__ABOUT THIS TASK__
Once you find the line in the listing below that contains "circle A2 centre (0, 0) radius 77.6812", copy it and every following line exactly, stopping at the end.

__EXTRACTED MATERIAL__
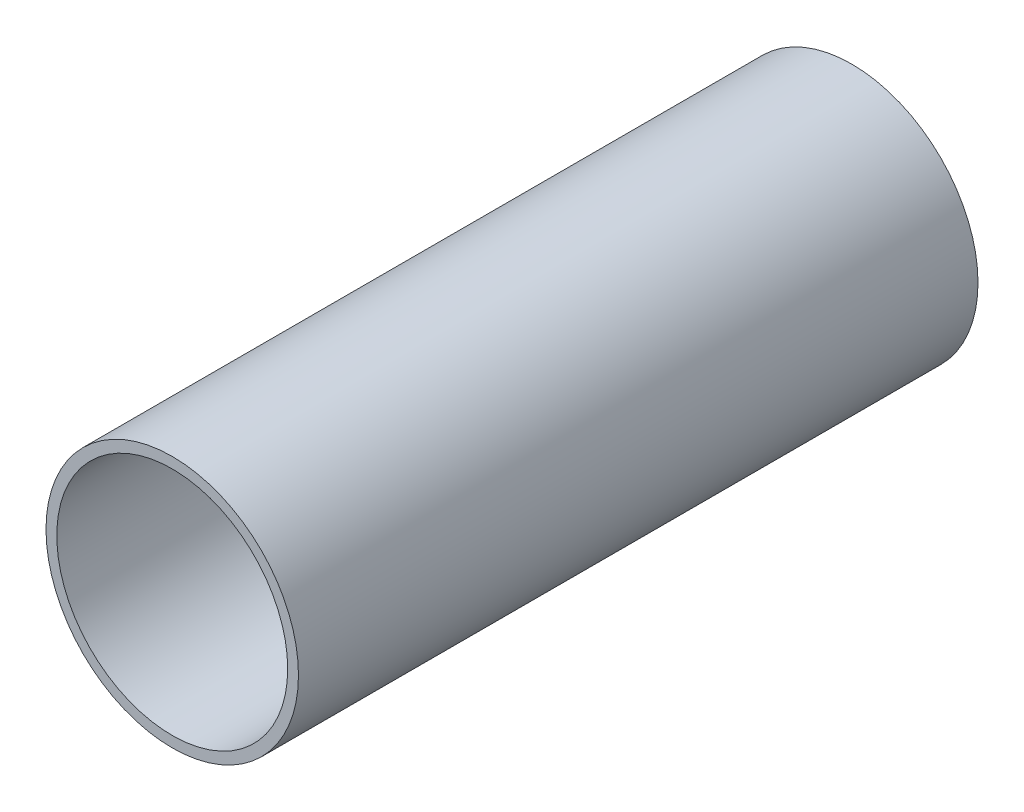
SolidWorks part; units mm, degrees
material "PVC Rigid"
ref_plane "Front Plane" through (0, 0, 0) normal (0, 0, 1) x (1, 0, 0)
ref_plane "Top Plane" through (0, 0, 0) normal (0, 1, 0) x (1, 0, 0)
ref_plane "Right Plane" through (0, 0, 0) normal (1, 0, 0) x (0, 0, -1)
sketch "Sketch1" plane through (0, 0, 0) normal (0, 0, 1) x (1, 0, 0)
  circle A1 centre (0, 0) radius 84.9312
  circle A2 centre (0, 0) radius 77.6812
  dimension "D1" = 7.25
extrude "Boss-Extrude1" add sketch "Sketch1" along normal blind 457.2
ref_plane "Plane1" through (0, 0, 228.6) normal (0, 0, 1) x (1, 0, 0)

__SOLVED PROBLEM__
  circle A2 centre (0, 0) radius 77.6812
  dimension "D1" = 7.25
extrude "Boss-Extrude1" add sketch "Sketch1" along normal blind 457.2
ref_plane "Plane1" through (0, 0, 228.6) normal (0, 0, 1) x (1, 0, 0)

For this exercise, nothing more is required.